Bertran also encouraged a visit to the Portland Library, for anyone looking to gain more knowledge. The way we consume Shakespeare is vastly different from when he was alive. Rather than attend plays in large amphitheaters, we consume Shakespeare everyday in the form of books, movies and audio. Each coming generation in the 400 years since Shakespeare’s death has gotten to consume his work in a different way, with a different set of cultural lens to color his plays. Yet, there remains a brutal timelessness about it.

“Think about how our media has changed and how that has changed our experience of Shakespeare. In many ways these changes are for the better,” said Bertran. “Think of how we can now read the First Folio as an ebook on a website. I like to be optimistic about the way our new technologies keep Shakespeare alive.”

The library made sure to impress the importance of this through their updated murals around the exhibit, decorated with quotes from Shakespeare and themed furniture and displays. One such mural had quotes from Romeo and Juliet. It also modernized the ancient story by making it into “tweet” form.

While at the exhibit, Volunteer Kristen Voyvodich gave guests a first hand look at the hand bound tome, published seven years after Shakespeare’s death. The First Folio is the first collection of plays in the history of English Literature and is comprised completely of plays only.

Voyvodich added that without this volume that “It is possible that The Tempest would not have been published. Plays were not considered literature in Shakespeare’s time and were considered lesser than other forms. Eighteen o    f Shakespeare’s plays including Julius Caesar and Macbeth might not have survived history, were it not for this Folio. It took five compositors two years to print 715 copies of these folios. Each copy is unique – including mistakes.”

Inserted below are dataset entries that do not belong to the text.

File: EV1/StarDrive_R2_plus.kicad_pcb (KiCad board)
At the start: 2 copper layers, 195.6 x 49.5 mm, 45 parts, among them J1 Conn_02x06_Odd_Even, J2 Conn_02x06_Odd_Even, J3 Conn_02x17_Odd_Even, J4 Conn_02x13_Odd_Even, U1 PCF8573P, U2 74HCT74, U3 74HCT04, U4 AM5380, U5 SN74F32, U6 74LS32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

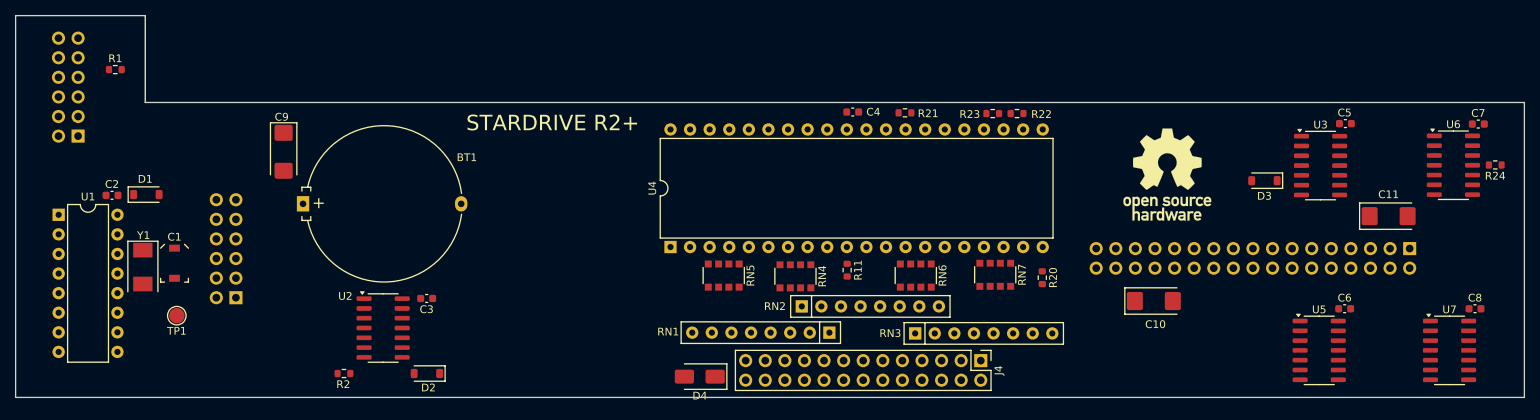
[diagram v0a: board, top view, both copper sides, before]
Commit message: Updated header locations
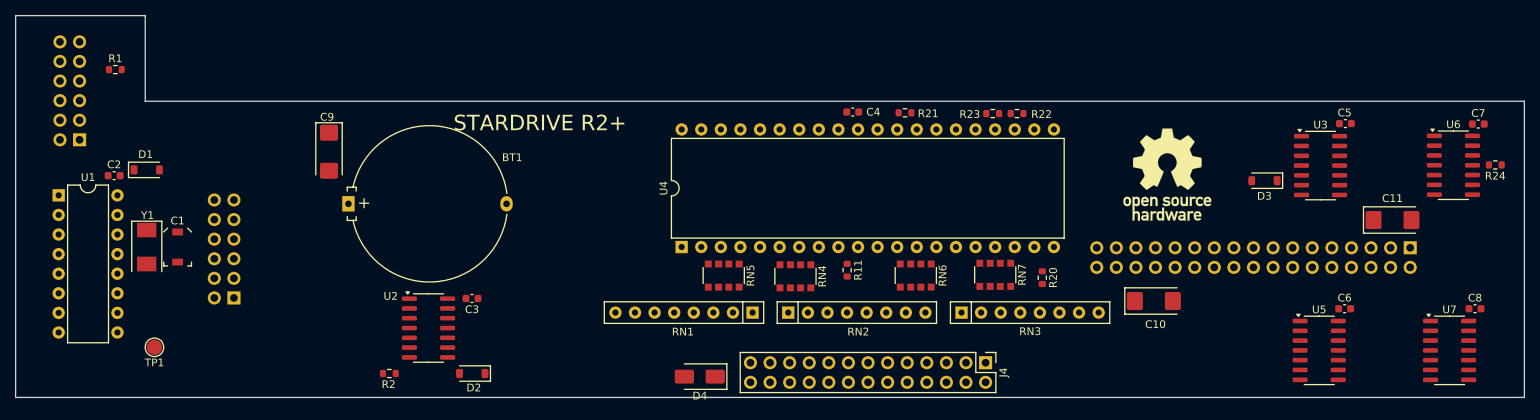
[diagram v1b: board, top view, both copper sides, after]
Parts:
- moved RN1 10.3 mm to (145.5, 88.5)
- moved RN3 6.59 mm to (172.6, 88.5)
- moved D2 5.88 mm to (109.2, 96.4)
- moved R2 5.88 mm to (98.5, 96.4)
- moved U2 5.88 mm to (103.5, 90.5)
- moved BT1 5.88 mm to (93.1, 74.4)
- moved C3 5.88 mm to (109.2, 86.7)
- moved C9 5.88 mm to (90.6, 67.7)
- moved TP1 5.02 mm to (68.0, 93.0)
- moved D1 3.20 mm to (67.0, 70.0)
- moved Y1 2.65 mm to (67.0, 80.0)
- moved C2 2.56 mm to (62.8, 70.8)
- moved U1 2.52 mm to (55.6, 73.3)
- moved C1 2.14 mm to (71.0, 80.0)
- moved RN2 1.92 mm to (150.2, 88.5)
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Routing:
- added copper zone on In1.Cu, net GND
- added copper zone on In2.Cu, net GND
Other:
- outline, holes or cut-outs redrawn
- copper layers 2 -> 4

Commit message: First prototype Gerber out
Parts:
- added D5: 1N4148W, Diode_SMD:D_SOD-123, F.Cu at (85.5, 71.2)
- added J5: DBG1, Connector_PinHeader_2.54mm:PinHeader_1x05_P2.54mm_Vertical, F.Cu at (69.0, 84.0)
- added JP1: VBAT_GND, Jumper:SolderJumper-2_P1.3mm_Open_Pad1.0x1.5mm, B.Cu at (61.0, 90.2)
- added U8: PCF8573P, Package_SO:SOIC-16W_7.5x10.3mm_P1.27mm, F.Cu at (58.0, 81.4)
- BT1: footprint Battery:Battery_Panasonic_CR2032-HFN_Horizontal_CircularHoles -> ZZZ_ProjectLibrary:AliEx_BatClip
- D2, D3: footprint Diode_SMD:D_SOD-123 -> Diode_SMD:D_SOD-323_HandSoldering
- RN4, RN5, RN6, RN7: value 10 -> CAY16-10R0F4LF
- TP1: value TP_PAD -> FSET
- U3, U5, U7: footprint Package_SO:SO-14_3.9x8.65mm_P1.27mm -> Package_SO:SOIC-14_3.9x8.7mm_P1.27mm
- U6: value 74LS32 -> 74F32; footprint Package_SO:SO-14_3.9x8.65mm_P1.27mm -> Package_SO:SOIC-14_3.9x8.7mm_P1.27mm
- moved LOGO1 82.2 mm to (119.5, 90.5)
- moved R1 47.4 mm to (98.8, 88.1), turned to -90 degrees
- moved R21 27.3 mm to (192.2, 67.6), turned to 180 degrees
- moved R23 15.4 mm to (192.1, 63.4)
- moved R22 12.5 mm to (192.1, 64.9)
- moved BT1 10.3 mm to (103.3, 75.8)
- moved C1 9.52 mm to (71.6, 70.5)
- moved D1 9.26 mm to (76.2, 69.6)
- moved C6 7.90 mm to (230.2, 88.0), turned to 90 degrees
- moved U5 6.83 mm to (225.6, 91.5)
- moved U3 6.39 mm to (225.6, 69.7)
- moved C11 5.50 mm to (223.0, 76.5), turned to 180 degrees
- moved C5 5.41 mm to (227.8, 64.3), turned to 0 degrees
- moved TP1 4.85 mm to (63.5, 94.8)
- moved Y1 3.28 mm to (69.7, 78.2)
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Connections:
- net /S0RD renamed /S0RD_N
- net Net-(BT1--) renamed /VBAT_GND
- net Net-(U1-FSET) renamed /FSET
- net Net-(U1-OSCI) renamed /OSCI
- net Net-(U1-OSCO) renamed /OSCO
- C1 pad 1: Net-(BT1-+) -> /RTC_VDD
- C2 pad 2: Net-(BT1-+) -> /RTC_VDD
- D1 pad 1: Net-(BT1-+) -> /RTC_VDD
- U1 pad 16: Net-(BT1-+) -> /RTC_VDD
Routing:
- net VCC: track 0.00 -> 342.3 mm, vias 0 -> 11
- net /S2_N: track 0.00 -> 243.2 mm, vias 0 -> 4
- net /S0_N: track 0.00 -> 224.8 mm, vias 0 -> 6
- net /OE_N: track 0.00 -> 215.0 mm, vias 0 -> 2
- net /SDA: track 0.00 -> 208.5 mm, vias 0 -> 2
- net /S1_N: track 0.00 -> 184.5 mm
- net /I2C_CLK: track 0.00 -> 169.0 mm, vias 0 -> 2
- net /RES_N: track 0.00 -> 161.6 mm, vias 0 -> 3
- net /D11: track 0.00 -> 160.3 mm, vias 0 -> 3
- net Net-(U2A-C): track 0.00 -> 140.5 mm, vias 0 -> 4
- net /D10: track 0.00 -> 117.4 mm, vias 0 -> 1
- net /VBAT_GND: track 0.00 -> 116.9 mm, vias 0 -> 3
- net /~{DRQ}: track 0.00 -> 111.3 mm, vias 0 -> 3
- net /A0: track 0.00 -> 106.9 mm
- net /A1: track 0.00 -> 96.6 mm, vias 0 -> 1
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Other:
- board text added: "GND"
- board text added: "OSCI"
- board text added: "RTC VDD"
- board text added: "SCL"
- board text added: "SDA"

Voyvodich also made mention that several original copies of actor’s lines got ruined when they had been destroyed by cannon fire during a play. This particular original copy of Shakespeare’s works was carefully placed in a temperature controlled encasement of glass, using silica to maintain an even temperature so as to preserve the pages. Guests were instructed not to touch the glass, so as not to trip any alarms or disturb the book.

Marc Voyvodich, visiting the exhibit in support of his daughter, said “It’s a remarkable opportunity for the people in this community to be in touch with the shared heritage that goes back to England and Shakespeare. I don’t think anything like this has ever happened before, here in Portland. I’ve been to Stratford upon Avon and Shakespeare’s grave. It’s nice to be able to get in your car and be reconnected to history.” Earlier in the exhibit, he enthusiastically instructed those waiting to visit the presentation to tell his daughter how brilliant it was – something none found hard to do.

Miss Voyvodich, who has a Masters in Shakespearean Literature, has been studying The Bard for a while. She wants to stress that it is no small deal that the First Folio is in Portland. An extremely rare object is available for the public to gawk at, and it’s just on Congress Street. Without The First Folio, our language and culture would absolutely be different.

“As the first collection of plays in history of the English, it is significant as an artifact from Jacobian times. It shows a moment in time where theater was becoming part of literature. All 18 of Shakespeare’s plays that are bound in the book would have been lost were it not for this book,” said Miss Voyvodich.

“The fact that it’s in Portland is incredible. The amount of access you get by it being in a public library is great because it gives an introduction that someone might not otherwise have.”

After the exhibit, guests were encouraged to visit the guest shop where Shakespeare texts and information was provided, along with other unrelated memorabilia. Voyvodich also mentioned that the group prior was much smaller and that she was “hopeful to see more turn out to explore the exhibit.”